» **Work request**: Exact transcription begins at the first line of the material below and ends with the line holding "0) on bodies 1"; pictures are skipped.

(Listed entries begins)

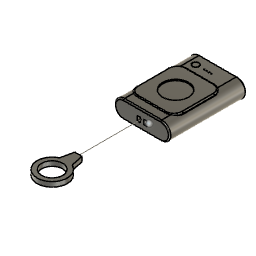
Watch battery bank_ (Autodesk Fusion 360 design; units mm, degrees)
Autodesk Fusion 360 part; units mm, degrees
sketch "Sketch1" plane through (0, 0, 0) normal (0, 0, 1) x (1, 0, 0)
  line L0 (0, 0) -> (-46, 0)
  line L1 (-46, 0) -> (-46, 64)
  line L2 (-46, 64) -> (0, 64)
  line L3 (0, 64) -> (0, 0)
  dimension "d1" = 46
  dimension "d2" = 64
  constraint horizontal L0
  constraint vertical L1
  constraint horizontal L2
  constraint vertical L3
  constraint coincident L0.start L3.end
  measures "d1" distance of L0.start L0.end
  measures "d2" distance of L0.start L2.end
extrude "Extrude1" add sketch "Sketch1" along normal blind 15 makes body 1
fillet "Fillet1" radius 7.5 4 edges at (0, 32, 15) (0, 32, 0) (-46, 32, 15) (-46, 32, 0) on bodies 1
sketch "Sketch2" plane through (0, 0, 0) normal (0, -1, 0) x (1, 0, 0)
  arc A0 (-38.5, 15) -> (-38.5, 0) centre (-38.5, 7.5) ccw
  line L0 (-38.5, 0) -> (-7.5, 0)
  arc A1 (-7.5, 0) -> (-7.5, 15) centre (-7.5, 7.5) ccw
  line L1 (-7.5, 15) -> (-38.5, 15)
  line L2 (-21.5, 8.9167) -> (-19, 8.9167)
  line L3 (-19, 8.9167) -> (-19, 4.9167)
  line L4 (-19, 4.9167) -> (-21.5, 4.9167)
  line L5 (-21.5, 4.9167) -> (-21.5, 8.9167)
  line L6 (-24.5, 8.9167) -> (-27, 8.9167)
  line L7 (-24.5, 4.9167) -> (-24.5, 8.9167)
  line L8 (-27, 4.9167) -> (-24.5, 4.9167)
  line L9 (-27, 8.9167) -> (-27, 4.9167)
  dimension "d7" = 2.5
  dimension "d8" = 4
  dimension "d9" = 11.5
  constraint horizontal L2
  constraint vertical L3
  constraint horizontal L4
  constraint vertical L5
  measures "d7" distance of L2.start L2.end
  measures "d8" distance of L2.start L4.end
  measures "d9" distance of A1.centre L3
extrude "Extrude2" cut sketch "Sketch2" against normal blind 5 contours L2 L3 L4 L5 | L6 L7 L8 L9 bodies 1
fillet "Fillet2" radius 1 8 edges at (-23, 64, 0) (0, 64, 7.5) (-23, 64, 15) (-46, 64, 7.5) (-23, 0, 0) (-46, 0, 7.5) (-23, 0, 15) (0, 0, 7.5) on bodies 1
sketch "Sketch3" plane through (0, 0, 15) normal (0, 0, 1) x (-1, 0, 0)
  line L0 (38.5, -1) -> (7.5, -1)
  line L1 (7.5, -1) -> (7.5, -63)
  line L2 (7.5, -63) -> (38.5, -63)
  line L3 (38.5, -63) -> (38.5, -1)
  line L4 (3.75, -7.5) -> (42.25, -7.5)
  line L5 (42.25, -7.5) -> (42.25, -48.5)
  line L6 (42.25, -48.5) -> (3.75, -48.5)
  line L7 (3.75, -48.5) -> (3.75, -7.5)
  dimension "d14" = 38.5
  dimension "d15" = 41
  dimension "d16" = 6.5
  dimension "d17" = 31
  dimension "d18" = 3.75
  constraint horizontal L4
  constraint vertical L5
  constraint horizontal L6
  constraint vertical L7
  measures "d14" distance of L4.start L4.end
  measures "d15" distance of L4.start L6.end
  measures "d16" distance of L0 L4
  measures "d17" distance of L0.start L0.end
  measures "d18" distance of L1 L4.start
extrude "Extrude3" add sketch "Sketch3" against normal blind 2 contours L3 L4 L5 L6 | L1 L3 L4 L6 | L1 L4 L6 L7 bodies 1
extrude "Extrude4" add sketch "Sketch3" along normal blind 0.5 contours L3 L4 L5 L6 | L1 L3 L4 L6 | L1 L4 L6 L7 bodies 1
fillet "Fillet3" radius 7.5 4 edges at (-42.25, 7.5, 14.7476) (-3.75, 7.5, 14.7476) (-3.75, 48.5, 14.7476) (-42.25, 48.5, 14.7476) on bodies 1
fillet "Fillet4" radius 1 8 edges at (-23, 48.5, 15.5) (-5.9467, 46.3033, 15.5) (-3.75, 28, 15.5) (-5.9467, 9.6967, 15.5) (-23, 7.5, 15.5) (-40.0533, 9.6967, 15.5) (-42.25, 28, 15.5) (-40.0533, 46.3033, 15.5) on bodies 1
sketch "Sketch4" plane through (0, 0, 15.5) normal (0, 0, 1) x (-1, 0, 0)
  arc A0 (40.3336, -44.3277) -> (41.25, -41) centre (34.75, -41) ccw
  line L0 (41.25, -41) -> (41.25, -15)
  arc A1 (41.25, -15) -> (40.3336, -11.6723) centre (34.75, -15) ccw
  spline S0 degree 3 poles (38.067, -9.2548) (38.6296, -9.5796) (39.1148, -10.0315) (39.8315, -10.8928) (40.0981, -11.2772) (40.3336, -11.6723) knots 2.811721 2.811721 2.811721 2.811721 3.006867 3.006867 3.144848 3.144848 3.144848 3.144848
  arc A2 (38.067, -9.2548) -> (34.75, -8.366) centre (34.75, -15) ccw
  line L1 (34.75, -8.366) -> (11.25, -8.366)
  arc A3 (11.25, -8.366) -> (7.933, -9.2548) centre (11.25, -15) ccw
  spline S1 degree 3 poles (5.6664, -11.6723) (5.7918, -11.4619) (5.926, -11.2551) (6.3611, -10.6403) (6.6878, -10.2501) (7.3244, -9.6603) (7.6177, -9.4369) (7.933, -9.2548) knots 1.037587 1.037587 1.037587 1.037587 1.110653 1.110653 1.261742 1.261742 1.370985 1.370985 1.370985 1.370985
  arc A4 (5.6664, -11.6723) -> (4.75, -15) centre (11.25, -15) ccw
  line L2 (4.75, -15) -> (4.75, -41)
  arc A5 (4.75, -41) -> (5.6664, -44.3277) centre (11.25, -41) ccw
  spline S2 degree 3 poles (7.933, -46.7452) (7.3512, -46.4093) (6.8543, -45.9395) (6.1449, -45.073) (5.8916, -44.7055) (5.6664, -44.3277) knots 2.84648 2.84648 2.84648 2.84648 3.047896 3.047896 3.179832 3.179832 3.179832 3.179832
  arc A6 (7.933, -46.7452) -> (11.25, -47.634) centre (11.25, -41) ccw
  line L3 (11.25, -47.634) -> (34.75, -47.634)
  arc A7 (34.75, -47.634) -> (38.067, -46.7452) centre (34.75, -41) ccw
  spline S3 degree 3 poles (40.3336, -44.3277) (40.2559, -44.458) (40.1754, -44.5862) (39.7858, -45.1742) (39.4378, -45.6144) (38.7464, -46.2846) (38.4206, -46.541) (38.067, -46.7452) knots 1.037165 1.037165 1.037165 1.037165 1.082397 1.082397 1.248779 1.248779 1.371275 1.371275 1.371275 1.371275
  circle A8 centre (23, -28) radius 10.75
  dimension "d27" = 21.5
  dimension "d29" = 39.2679
  dimension "d30" = 36.5
  dimension "d31" = 19.634
  dimension "d32" = 19.634
  dimension "d33" = 18.25
  measures "d27" diameter of A8
  measures "d29" distance of L1 L3
  measures "d30" distance of L0 L2
  measures "d31" distance of L1 A8.centre
  measures "d32" distance of L3 A8.centre
  measures "d33" distance of L0 A8.centre
extrude "Extrude5" cut sketch "Sketch4" against normal blind 1 contours A8 bodies 1
sketch "Sketch5" plane through (0, 0, 15) normal (0, 0, 1) x (-1, 0, 0)
  line L0 (34.75, -48.5) -> (11.25, -48.5)
  arc A0 (7.5, -47.4952) -> (11.25, -48.5) centre (11.25, -41) ccw
  line L1 (7.5, -47.4952) -> (7.5, -63)
  line L2 (7.5, -63) -> (38.5, -63)
  line L3 (38.5, -63) -> (38.5, -47.4952)
  arc A1 (34.75, -48.5) -> (38.5, -47.4952) centre (34.75, -41) ccw
  circle A2 centre (33.25, -55) radius 2.5
  circle A3 centre (26.25, -55) radius 0.5
  circle A4 centre (24.25, -55) radius 0.5
  circle A5 centre (22.25, -55) radius 0.5
  circle A6 centre (20.25, -55) radius 0.5
  circle A7 centre (33.25, -55) radius 2.75
  dimension "d36" = 5
  dimension "d37" = 6.5
  dimension "d38" = 1
  dimension "d39" = 7
  dimension "d40" = 1
  dimension "d41" = 2
  dimension "d42" = 1
  dimension "d43" = 1
  dimension "d44" = 2
  dimension "d45" = 2
  dimension "d46" = 6.5
  dimension "d47" = 6.5
  dimension "d48" = 6.5
  dimension "d49" = 6.5
  dimension "d50" = 5.5
  dimension "d51" = 5.25
  constraint concentric A2 A7
  measures "d36" diameter of A2
  measures "d37" distance of L0 A2.centre
  measures "d38" diameter of A3
  measures "d39" distance of A2.centre A3.centre
  measures "d40" diameter of A4
  measures "d41" horizontal distance of A3.centre A4.centre
  measures "d42" diameter of A5
  measures "d43" diameter of A6
  measures "d44" distance of A5.centre A6.centre
  measures "d45" horizontal distance of A4.centre A5.centre
  measures "d46" distance of L0 A3.centre
  measures "d47" distance of L0 A4.centre
  measures "d48" distance of L0 A5.centre
  measures "d49" distance of L0 A6.centre
  measures "d50" diameter of A7
  measures "d51" distance of L3 A2.centre
extrude "Extrude6" cut sketch "Sketch5" against normal blind 0.8 contours A3 | A4 | A5 | A6 | A7 bodies 1
sketch "Sketch6" plane through (0, 0, 0) normal (0, 0, 1) x (1, 0, 0)
  line L0 (-26.3317, -38.4902) -> (-20.3317, -38.4902)
  line L1 (-28.5817, -48.9902) -> (-18.0817, -48.9902)
  line L2 (-26.3317, -38.4902) -> (-28.5817, -48.9902)
  line L3 (-20.3317, -38.4902) -> (-18.0817, -48.9902)
  circle A0 centre (-23.3317, -60.3343) radius 12.5
  circle A1 centre (-23.3317, -60.3343) radius 8.75
  dimension "d54" = 6
  dimension "d55" = 10.5
  dimension "d56" = 10.5
  dimension "d57" = 10.7384
  dimension "d58" = 10.7384
  dimension "d59" = 25
  dimension "d60" = 12.5
  dimension "d61" = 12.5
  dimension "d62" = 17.5
  constraint horizontal L0
  constraint parallel L0 L1
  constraint concentric A0 A1
  measures "d54" distance of L0.start L0.end
  measures "d55" distance of L1.start L1.end
  measures "d56" distance of L0 L1
  measures "d57" distance of L0.start L1.start
  measures "d58" distance of L0.end L1.end
  measures "d59" diameter of A0
  measures "d60" distance of L1.end A0.centre
  measures "d61" distance of L1.start A0.centre
  measures "d62" diameter of A1
extrude "Extrude7" add sketch "Sketch6" along normal blind 4 separate body makes body 2
sketch "Sketch7" plane through (0, -38.4902, 0) normal (0, 1, 0) x (-1, 0, 0)
  line L0 (20.3317, 0) -> (26.3317, 0)
  line L1 (26.3317, 0) -> (26.3317, 4)
  line L2 (26.3317, 4) -> (20.3317, 4)
  line L3 (20.3317, 4) -> (20.3317, 0)
  circle A0 centre (22.3317, 2) radius 0.75
  circle A1 centre (24.3317, 2) radius 0.75
  dimension "d65" = 1.5
  dimension "d66" = 1.5
  dimension "d67" = 2
  dimension "d68" = 2
  dimension "d70" = 6
  dimension "d71" = 2
  dimension "d72" = 4
  dimension "d73" = 2
  measures "d65" diameter of A0
  measures "d66" diameter of A1
  measures "d67" distance of L3 A0.centre
  measures "d68" distance of A0.centre A1.centre
  measures "d70" distance of L1 L3
  measures "d71" distance of L2 A0.centre
  measures "d72" distance of L0.end L1.end
  measures "d73" distance of L0 A1.centre
extrude "Extrude8" cut sketch "Sketch7" against normal blind 2 contours A0 | A1 bodies 2
move_body "Move1" bodies 2 to x (1, 0, 0) y (0, 1, 0) z (0, 0, 1) at (0.3317, 38.4902, 5.5)
move_body "Move2" bodies 1 to x (1, 0, 0) y (0, 1, 0) z (0, 0, 1) at (0, 53, 0)
sketch "Sketch8" plane through (0, 0, 0) normal (0, 0, 1) x (1, 0, 0)
  line L0 (-26, 0) -> (-25.75, 0)
  line L1 (-25.75, 0) -> (-25.75, 53)
  line L2 (-25.75, 53) -> (-26, 53)
  line L3 (-26, 53) -> (-26, 0)
  dimension "d76" = 0.25
  dimension "d77" = 53
  constraint horizontal L0
  constraint vertical L1
  constraint horizontal L2
  constraint vertical L3
  measures "d76" distance of L0.start L0.end
  measures "d77" distance of L0.start L2.end
revolve "Revolve1" add sketch "Sketch8" angle 360 about axis through (-25.75, 0, 0) along (0, 1, 0) separate body makes body 3
move_body "Move3" bodies 3 to x (1, 0, 0) y (0, 1, 0) z (0, 0, 1) at (1.75, 0, 7.5)
sketch "Sketch10" plane through (0, 0, 0) normal (0, 0, 1) x (1, 0, 0)
  line L0 (-26, 61) -> (-25, 61)
  constraint horizontal L0
equation "d9 = 19 mm - 7.5 mm"
equation "d18 = ( d14 - d17 ) / 2"
equation "d31 = ( d29 ) / 2"
equation "d33 = d30 / 2"
equation "d37 = 4 mm + d36 / 2"
equation "d39 = 4 mm + d36 / 2 + d38 / 2"
equation "d44 = d41"
equation "d45 = d41"
equation "d46 = d37"
equation "d47 = d46"
equation "d48 = d37"
equation "d49 = d46"
equation "d51 = 2.5 mm + d50 / 2"
equation "d57 = d58"
equation "d67 = d70 / 3"
equation "d68 = d70 / 3"
equation "d71 = d72 / 2"
equation "d73 = d72 / 2"

(Listed entries ends)

» **Written answer**:
Watch battery bank_ (Autodesk Fusion 360 design; units mm, degrees)
Autodesk Fusion 360 part; units mm, degrees
sketch "Sketch1" plane through (0, 0, 0) normal (0, 0, 1) x (1, 0, 0)
  line L0 (0, 0) -> (-46, 0)
  line L1 (-46, 0) -> (-46, 64)
  line L2 (-46, 64) -> (0, 64)
  line L3 (0, 64) -> (0, 0)
  dimension "d1" = 46
  dimension "d2" = 64
  constraint horizontal L0
  constraint vertical L1
  constraint horizontal L2
  constraint vertical L3
  constraint coincident L0.start L3.end
  measures "d1" distance of L0.start L0.end
  measures "d2" distance of L0.start L2.end
extrude "Extrude1" add sketch "Sketch1" along normal blind 15 makes body 1
fillet "Fillet1" radius 7.5 4 edges at (0, 32, 15) (0, 32, 0) (-46, 32, 15) (-46, 32, 0) on bodies 1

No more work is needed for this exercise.